**WORK TO BE COMPLETED:**
Once you find the line containing "msp.add_circle(centre, radius, dxfattribs=at)" in the data below, copy it and each following line exactly, up to and including the line containing "msp.add_circle(centre, 50, dxfattribs=at)", and nothing else.

**Source data:**
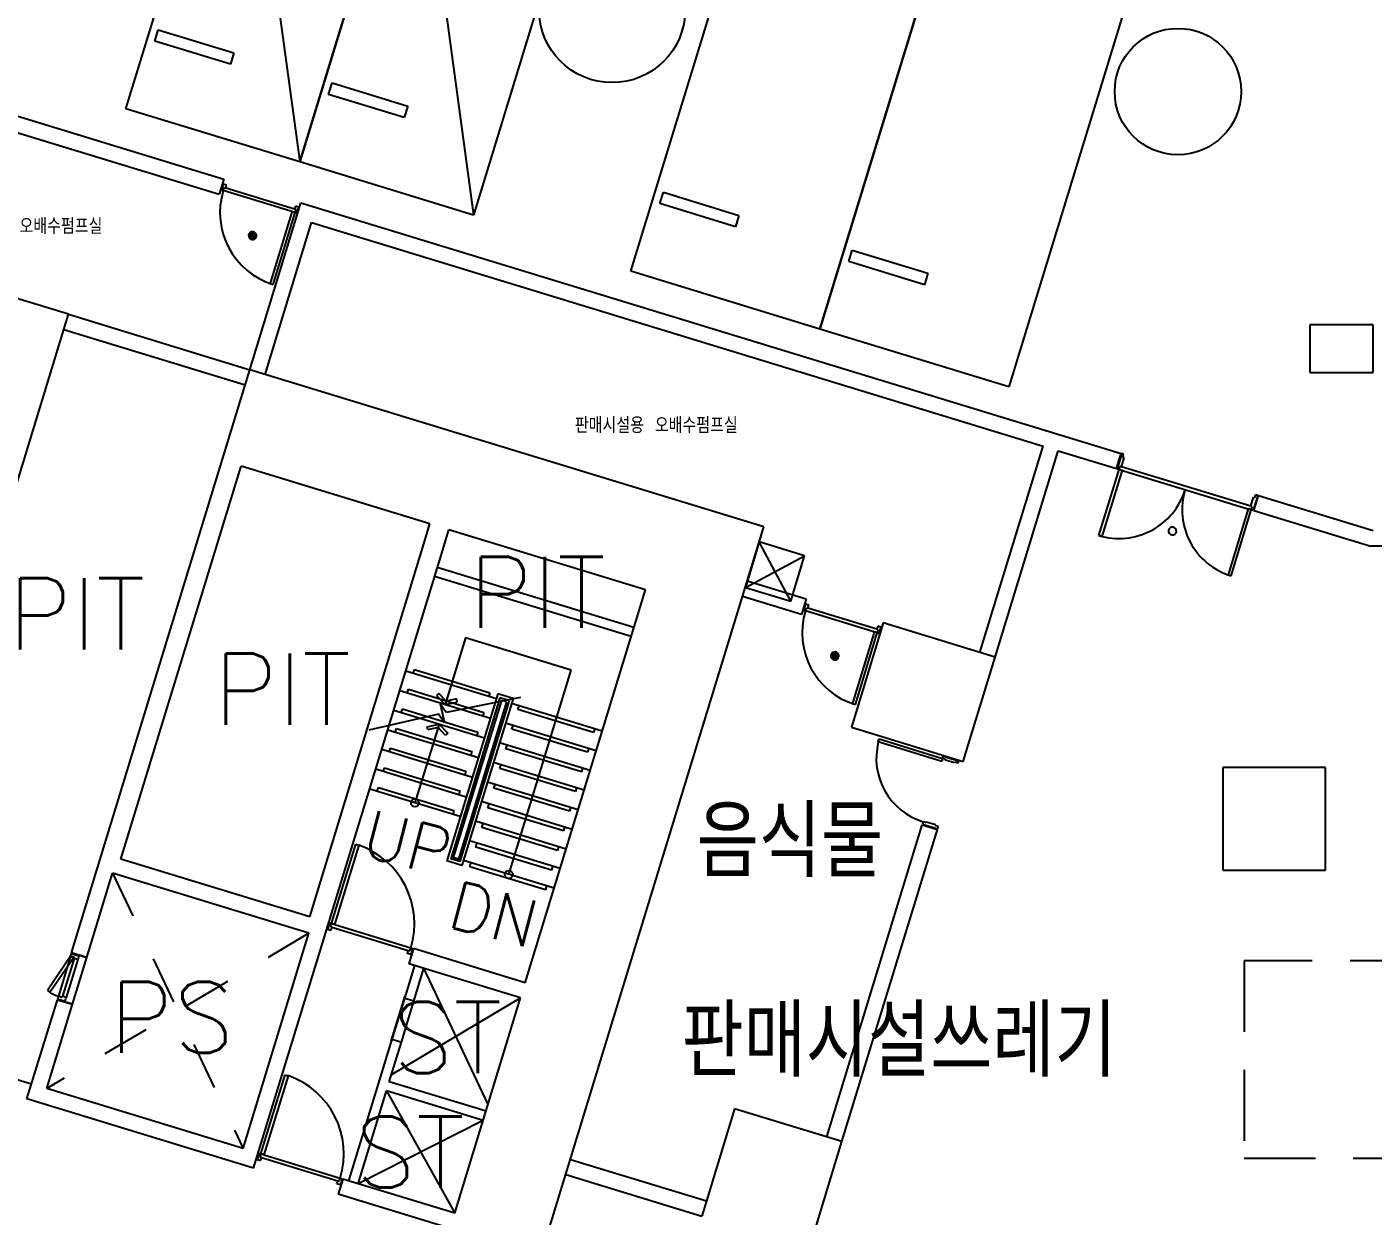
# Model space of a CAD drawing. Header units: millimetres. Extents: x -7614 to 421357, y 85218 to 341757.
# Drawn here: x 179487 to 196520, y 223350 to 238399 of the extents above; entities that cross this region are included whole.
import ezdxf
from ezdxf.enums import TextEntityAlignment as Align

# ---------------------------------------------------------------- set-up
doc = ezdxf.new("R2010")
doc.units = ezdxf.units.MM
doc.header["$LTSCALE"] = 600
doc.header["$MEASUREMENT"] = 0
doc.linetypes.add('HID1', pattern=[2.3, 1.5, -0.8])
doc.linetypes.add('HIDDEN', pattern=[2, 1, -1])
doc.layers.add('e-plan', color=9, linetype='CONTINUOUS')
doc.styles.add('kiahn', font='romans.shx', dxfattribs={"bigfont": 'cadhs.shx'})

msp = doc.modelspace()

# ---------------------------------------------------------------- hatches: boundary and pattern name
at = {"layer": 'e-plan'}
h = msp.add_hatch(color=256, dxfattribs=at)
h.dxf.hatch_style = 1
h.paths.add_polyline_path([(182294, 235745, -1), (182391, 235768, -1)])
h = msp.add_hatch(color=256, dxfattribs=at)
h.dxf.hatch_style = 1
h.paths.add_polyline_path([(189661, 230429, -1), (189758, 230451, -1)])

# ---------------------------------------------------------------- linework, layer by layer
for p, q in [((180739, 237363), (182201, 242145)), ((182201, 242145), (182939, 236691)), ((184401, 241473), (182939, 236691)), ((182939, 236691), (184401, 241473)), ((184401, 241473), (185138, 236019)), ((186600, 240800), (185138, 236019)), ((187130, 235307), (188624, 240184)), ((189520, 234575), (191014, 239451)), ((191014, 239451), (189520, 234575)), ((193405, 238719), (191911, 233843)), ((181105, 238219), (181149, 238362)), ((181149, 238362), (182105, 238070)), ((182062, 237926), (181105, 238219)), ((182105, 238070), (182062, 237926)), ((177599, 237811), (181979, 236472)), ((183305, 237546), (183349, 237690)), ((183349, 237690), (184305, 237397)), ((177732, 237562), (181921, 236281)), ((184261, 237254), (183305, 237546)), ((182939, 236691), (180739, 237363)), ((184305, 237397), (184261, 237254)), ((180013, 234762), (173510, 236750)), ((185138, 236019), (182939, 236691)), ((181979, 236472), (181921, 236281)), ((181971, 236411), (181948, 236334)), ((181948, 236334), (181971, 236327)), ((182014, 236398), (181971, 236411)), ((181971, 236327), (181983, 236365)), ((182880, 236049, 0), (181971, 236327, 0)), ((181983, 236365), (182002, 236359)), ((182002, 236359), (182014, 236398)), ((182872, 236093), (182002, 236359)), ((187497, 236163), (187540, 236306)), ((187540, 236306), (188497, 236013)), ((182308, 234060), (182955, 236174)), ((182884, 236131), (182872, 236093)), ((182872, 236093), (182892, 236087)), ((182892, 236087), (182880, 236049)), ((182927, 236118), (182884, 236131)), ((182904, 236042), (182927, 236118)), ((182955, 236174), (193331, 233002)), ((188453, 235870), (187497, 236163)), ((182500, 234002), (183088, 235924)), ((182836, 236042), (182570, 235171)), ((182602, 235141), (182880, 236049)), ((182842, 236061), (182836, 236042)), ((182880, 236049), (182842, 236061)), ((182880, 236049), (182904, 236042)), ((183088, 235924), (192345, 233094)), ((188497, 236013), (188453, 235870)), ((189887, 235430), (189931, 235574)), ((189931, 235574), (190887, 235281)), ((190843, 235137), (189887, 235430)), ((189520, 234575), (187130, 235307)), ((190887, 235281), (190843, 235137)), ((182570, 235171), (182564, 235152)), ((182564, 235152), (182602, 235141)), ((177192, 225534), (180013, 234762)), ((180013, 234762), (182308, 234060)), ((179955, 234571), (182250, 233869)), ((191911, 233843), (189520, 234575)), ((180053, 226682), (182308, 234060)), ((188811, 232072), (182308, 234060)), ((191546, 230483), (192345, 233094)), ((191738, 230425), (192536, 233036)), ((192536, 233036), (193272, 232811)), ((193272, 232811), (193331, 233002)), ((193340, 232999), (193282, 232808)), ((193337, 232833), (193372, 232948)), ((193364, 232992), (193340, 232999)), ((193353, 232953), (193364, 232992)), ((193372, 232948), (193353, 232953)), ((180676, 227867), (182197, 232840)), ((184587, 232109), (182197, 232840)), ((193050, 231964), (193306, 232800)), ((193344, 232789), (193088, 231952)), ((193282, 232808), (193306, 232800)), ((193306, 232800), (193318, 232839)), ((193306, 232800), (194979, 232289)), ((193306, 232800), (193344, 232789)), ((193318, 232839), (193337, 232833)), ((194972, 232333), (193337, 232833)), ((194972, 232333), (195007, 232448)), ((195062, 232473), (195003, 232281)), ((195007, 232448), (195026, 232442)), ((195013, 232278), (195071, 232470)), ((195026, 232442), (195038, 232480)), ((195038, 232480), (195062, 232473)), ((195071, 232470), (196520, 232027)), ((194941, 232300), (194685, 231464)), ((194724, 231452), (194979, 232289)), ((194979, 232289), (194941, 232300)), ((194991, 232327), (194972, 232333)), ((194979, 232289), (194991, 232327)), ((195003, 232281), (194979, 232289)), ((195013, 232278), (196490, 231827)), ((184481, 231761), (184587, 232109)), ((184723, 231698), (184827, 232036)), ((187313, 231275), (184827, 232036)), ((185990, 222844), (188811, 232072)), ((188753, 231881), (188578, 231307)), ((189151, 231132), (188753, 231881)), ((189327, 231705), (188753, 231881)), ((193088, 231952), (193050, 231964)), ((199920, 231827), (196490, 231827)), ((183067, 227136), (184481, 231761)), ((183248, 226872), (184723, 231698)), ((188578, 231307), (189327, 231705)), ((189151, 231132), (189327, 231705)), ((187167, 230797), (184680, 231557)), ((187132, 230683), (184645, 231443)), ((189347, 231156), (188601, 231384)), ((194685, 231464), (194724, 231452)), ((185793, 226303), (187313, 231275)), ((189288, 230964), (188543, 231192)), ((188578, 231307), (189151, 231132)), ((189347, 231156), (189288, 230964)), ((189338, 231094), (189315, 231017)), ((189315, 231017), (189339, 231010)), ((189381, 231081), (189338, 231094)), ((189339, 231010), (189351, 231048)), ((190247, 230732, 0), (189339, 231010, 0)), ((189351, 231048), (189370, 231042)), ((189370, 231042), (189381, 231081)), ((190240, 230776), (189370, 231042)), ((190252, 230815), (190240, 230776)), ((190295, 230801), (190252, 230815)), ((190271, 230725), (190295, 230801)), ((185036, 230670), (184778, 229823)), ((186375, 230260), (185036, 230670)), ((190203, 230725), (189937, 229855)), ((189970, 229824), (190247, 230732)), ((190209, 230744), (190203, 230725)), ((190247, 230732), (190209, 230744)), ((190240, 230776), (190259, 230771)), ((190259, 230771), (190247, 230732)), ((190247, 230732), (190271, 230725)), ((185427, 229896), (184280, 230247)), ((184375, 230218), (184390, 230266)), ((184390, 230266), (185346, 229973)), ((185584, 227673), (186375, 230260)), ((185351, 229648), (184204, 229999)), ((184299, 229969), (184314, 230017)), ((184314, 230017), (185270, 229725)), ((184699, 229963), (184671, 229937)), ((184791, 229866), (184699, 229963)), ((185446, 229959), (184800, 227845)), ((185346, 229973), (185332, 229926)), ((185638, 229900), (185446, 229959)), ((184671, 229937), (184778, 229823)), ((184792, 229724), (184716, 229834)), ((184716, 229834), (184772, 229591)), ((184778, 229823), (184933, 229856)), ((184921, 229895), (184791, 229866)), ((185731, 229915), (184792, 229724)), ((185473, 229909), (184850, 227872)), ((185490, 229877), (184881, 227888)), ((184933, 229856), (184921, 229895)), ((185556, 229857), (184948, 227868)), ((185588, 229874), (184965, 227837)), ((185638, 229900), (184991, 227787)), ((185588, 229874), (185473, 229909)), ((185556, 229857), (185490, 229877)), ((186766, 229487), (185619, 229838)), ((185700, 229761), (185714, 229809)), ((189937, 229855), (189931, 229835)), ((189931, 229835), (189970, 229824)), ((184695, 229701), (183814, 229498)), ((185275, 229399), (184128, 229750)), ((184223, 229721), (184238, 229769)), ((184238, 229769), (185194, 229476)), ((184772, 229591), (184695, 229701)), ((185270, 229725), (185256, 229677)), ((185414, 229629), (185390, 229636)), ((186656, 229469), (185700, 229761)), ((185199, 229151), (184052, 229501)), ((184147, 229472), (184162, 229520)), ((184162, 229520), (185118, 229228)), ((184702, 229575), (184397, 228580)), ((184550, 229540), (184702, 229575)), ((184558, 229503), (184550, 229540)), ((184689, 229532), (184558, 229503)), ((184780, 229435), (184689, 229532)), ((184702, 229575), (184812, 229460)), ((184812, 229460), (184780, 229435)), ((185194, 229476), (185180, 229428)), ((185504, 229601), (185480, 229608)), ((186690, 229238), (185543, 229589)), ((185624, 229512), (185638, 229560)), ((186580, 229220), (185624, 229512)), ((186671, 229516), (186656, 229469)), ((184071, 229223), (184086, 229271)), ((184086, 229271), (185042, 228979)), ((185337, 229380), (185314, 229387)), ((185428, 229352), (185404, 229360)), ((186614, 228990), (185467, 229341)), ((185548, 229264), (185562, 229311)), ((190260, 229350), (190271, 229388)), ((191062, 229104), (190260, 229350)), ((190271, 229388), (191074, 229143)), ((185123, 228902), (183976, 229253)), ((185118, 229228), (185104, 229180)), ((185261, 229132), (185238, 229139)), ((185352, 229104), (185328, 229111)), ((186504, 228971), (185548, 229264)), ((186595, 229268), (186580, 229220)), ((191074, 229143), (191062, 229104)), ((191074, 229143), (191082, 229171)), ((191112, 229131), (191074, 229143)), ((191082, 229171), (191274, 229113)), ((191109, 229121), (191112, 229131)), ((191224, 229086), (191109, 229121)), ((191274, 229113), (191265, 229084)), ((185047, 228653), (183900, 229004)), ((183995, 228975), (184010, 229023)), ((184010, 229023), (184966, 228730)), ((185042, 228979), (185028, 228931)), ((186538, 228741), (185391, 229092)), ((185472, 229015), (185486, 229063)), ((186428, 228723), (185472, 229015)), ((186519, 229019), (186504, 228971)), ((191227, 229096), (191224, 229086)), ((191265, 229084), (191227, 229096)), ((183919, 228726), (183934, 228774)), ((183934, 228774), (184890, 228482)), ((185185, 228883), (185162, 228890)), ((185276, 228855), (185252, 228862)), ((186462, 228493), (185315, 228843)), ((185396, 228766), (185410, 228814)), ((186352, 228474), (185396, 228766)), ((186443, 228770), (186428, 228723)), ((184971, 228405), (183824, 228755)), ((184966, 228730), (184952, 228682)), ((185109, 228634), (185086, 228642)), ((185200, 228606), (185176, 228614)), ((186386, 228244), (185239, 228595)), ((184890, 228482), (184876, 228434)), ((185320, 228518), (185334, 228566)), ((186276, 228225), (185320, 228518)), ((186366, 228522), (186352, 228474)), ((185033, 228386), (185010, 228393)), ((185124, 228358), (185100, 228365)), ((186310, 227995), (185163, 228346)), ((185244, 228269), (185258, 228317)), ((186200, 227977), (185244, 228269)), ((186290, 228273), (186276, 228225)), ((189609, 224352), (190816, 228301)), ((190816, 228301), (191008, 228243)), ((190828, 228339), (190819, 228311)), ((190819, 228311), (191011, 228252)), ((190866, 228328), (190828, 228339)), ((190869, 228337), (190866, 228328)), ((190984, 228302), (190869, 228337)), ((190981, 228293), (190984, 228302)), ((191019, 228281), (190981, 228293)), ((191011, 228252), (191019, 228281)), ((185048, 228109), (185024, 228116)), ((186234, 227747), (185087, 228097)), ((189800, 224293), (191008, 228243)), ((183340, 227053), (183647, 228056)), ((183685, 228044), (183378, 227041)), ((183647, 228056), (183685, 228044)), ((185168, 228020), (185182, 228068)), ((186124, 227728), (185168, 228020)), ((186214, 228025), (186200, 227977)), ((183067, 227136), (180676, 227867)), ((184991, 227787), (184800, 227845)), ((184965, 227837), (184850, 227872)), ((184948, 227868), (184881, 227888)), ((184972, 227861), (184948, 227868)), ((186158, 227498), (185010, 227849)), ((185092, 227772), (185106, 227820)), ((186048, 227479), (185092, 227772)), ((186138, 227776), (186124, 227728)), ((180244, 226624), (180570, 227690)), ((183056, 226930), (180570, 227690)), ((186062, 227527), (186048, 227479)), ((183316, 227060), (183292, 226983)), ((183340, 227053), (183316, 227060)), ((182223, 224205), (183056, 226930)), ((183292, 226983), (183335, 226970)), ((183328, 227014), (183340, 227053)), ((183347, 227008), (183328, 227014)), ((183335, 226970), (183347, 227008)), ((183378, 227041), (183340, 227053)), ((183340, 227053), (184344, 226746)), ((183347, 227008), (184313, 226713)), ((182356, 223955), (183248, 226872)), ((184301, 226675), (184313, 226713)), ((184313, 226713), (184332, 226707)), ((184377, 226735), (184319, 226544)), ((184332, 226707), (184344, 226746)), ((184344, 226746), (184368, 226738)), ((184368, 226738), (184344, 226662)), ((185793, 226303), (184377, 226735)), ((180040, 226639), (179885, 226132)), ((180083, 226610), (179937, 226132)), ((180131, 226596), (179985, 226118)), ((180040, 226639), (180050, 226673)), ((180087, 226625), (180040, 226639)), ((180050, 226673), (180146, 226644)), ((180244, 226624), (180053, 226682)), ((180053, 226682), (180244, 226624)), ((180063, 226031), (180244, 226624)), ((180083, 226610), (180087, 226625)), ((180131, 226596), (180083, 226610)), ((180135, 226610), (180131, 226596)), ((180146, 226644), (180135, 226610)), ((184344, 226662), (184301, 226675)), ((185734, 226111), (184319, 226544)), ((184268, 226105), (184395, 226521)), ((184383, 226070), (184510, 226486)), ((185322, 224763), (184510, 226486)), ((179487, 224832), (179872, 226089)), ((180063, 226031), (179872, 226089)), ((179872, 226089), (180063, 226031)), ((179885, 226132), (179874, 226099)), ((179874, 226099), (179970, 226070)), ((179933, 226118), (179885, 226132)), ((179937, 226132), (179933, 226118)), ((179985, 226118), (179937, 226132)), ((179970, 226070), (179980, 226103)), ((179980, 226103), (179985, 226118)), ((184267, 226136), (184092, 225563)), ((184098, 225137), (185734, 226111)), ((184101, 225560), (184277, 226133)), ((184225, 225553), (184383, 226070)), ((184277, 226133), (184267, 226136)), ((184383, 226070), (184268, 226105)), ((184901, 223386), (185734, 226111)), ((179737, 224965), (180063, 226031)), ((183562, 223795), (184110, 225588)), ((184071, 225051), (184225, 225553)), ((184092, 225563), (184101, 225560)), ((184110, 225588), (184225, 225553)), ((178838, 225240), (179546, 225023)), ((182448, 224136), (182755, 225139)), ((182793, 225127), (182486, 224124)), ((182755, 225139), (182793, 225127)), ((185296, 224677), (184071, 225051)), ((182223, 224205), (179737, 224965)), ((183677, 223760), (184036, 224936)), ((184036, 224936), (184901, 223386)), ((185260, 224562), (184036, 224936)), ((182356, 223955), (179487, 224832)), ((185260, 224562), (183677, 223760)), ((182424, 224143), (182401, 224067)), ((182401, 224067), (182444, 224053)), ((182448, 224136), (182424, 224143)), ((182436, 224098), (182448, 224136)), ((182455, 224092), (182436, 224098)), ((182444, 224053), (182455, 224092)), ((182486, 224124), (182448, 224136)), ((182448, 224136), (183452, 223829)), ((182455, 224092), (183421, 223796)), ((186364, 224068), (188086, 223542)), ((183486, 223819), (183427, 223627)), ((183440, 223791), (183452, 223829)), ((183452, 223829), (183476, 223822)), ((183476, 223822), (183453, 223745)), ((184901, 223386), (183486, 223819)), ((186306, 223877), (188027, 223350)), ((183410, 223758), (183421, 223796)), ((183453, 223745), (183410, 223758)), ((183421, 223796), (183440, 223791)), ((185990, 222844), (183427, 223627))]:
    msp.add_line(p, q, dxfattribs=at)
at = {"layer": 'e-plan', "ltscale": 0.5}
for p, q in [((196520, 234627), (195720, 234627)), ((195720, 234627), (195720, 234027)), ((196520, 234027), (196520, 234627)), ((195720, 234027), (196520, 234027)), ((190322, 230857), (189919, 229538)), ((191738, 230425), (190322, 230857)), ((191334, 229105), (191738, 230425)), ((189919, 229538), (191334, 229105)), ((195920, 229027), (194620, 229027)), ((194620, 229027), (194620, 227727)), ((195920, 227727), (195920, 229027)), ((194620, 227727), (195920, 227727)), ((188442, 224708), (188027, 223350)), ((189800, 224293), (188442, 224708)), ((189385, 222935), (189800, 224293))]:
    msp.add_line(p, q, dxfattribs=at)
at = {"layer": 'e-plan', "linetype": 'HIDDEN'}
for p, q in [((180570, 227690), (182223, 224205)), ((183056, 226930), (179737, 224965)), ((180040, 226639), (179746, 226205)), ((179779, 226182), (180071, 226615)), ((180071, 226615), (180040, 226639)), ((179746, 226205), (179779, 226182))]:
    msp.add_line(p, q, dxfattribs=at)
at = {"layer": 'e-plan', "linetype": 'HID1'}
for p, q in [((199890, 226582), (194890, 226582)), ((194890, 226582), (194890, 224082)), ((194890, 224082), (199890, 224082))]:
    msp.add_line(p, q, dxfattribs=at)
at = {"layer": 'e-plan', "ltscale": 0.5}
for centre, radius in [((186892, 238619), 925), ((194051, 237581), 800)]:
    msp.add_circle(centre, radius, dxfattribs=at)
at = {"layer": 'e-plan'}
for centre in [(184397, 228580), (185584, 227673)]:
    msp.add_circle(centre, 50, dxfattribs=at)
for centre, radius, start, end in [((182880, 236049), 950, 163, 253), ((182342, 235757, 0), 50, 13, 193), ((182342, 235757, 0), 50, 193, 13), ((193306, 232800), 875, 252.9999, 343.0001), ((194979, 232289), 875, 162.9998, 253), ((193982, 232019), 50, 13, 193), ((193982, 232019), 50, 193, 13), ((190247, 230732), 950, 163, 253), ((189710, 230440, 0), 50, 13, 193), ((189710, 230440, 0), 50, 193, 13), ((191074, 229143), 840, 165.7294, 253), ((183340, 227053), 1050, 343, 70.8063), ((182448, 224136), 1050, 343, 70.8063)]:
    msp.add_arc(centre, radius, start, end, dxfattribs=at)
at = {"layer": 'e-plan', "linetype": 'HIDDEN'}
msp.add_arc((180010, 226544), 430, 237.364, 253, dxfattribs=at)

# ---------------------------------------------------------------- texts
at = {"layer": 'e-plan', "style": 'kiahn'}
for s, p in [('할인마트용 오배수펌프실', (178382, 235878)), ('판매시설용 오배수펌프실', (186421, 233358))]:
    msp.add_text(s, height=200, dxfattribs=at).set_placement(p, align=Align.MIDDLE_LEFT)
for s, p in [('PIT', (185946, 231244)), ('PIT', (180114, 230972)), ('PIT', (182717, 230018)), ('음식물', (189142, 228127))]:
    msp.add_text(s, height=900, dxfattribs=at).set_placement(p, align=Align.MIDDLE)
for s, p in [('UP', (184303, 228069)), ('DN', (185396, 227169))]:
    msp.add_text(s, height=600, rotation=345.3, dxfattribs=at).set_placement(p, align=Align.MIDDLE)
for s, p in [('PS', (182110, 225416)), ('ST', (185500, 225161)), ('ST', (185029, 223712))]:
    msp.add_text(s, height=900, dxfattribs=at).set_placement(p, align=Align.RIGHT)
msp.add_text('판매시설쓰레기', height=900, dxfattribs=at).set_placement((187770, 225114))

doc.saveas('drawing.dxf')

**WRITTEN SOLUTION:**
    msp.add_circle(centre, radius, dxfattribs=at)
at = {"layer": 'e-plan'}
for centre in [(184397, 228580), (185584, 227673)]:
    msp.add_circle(centre, 50, dxfattribs=at)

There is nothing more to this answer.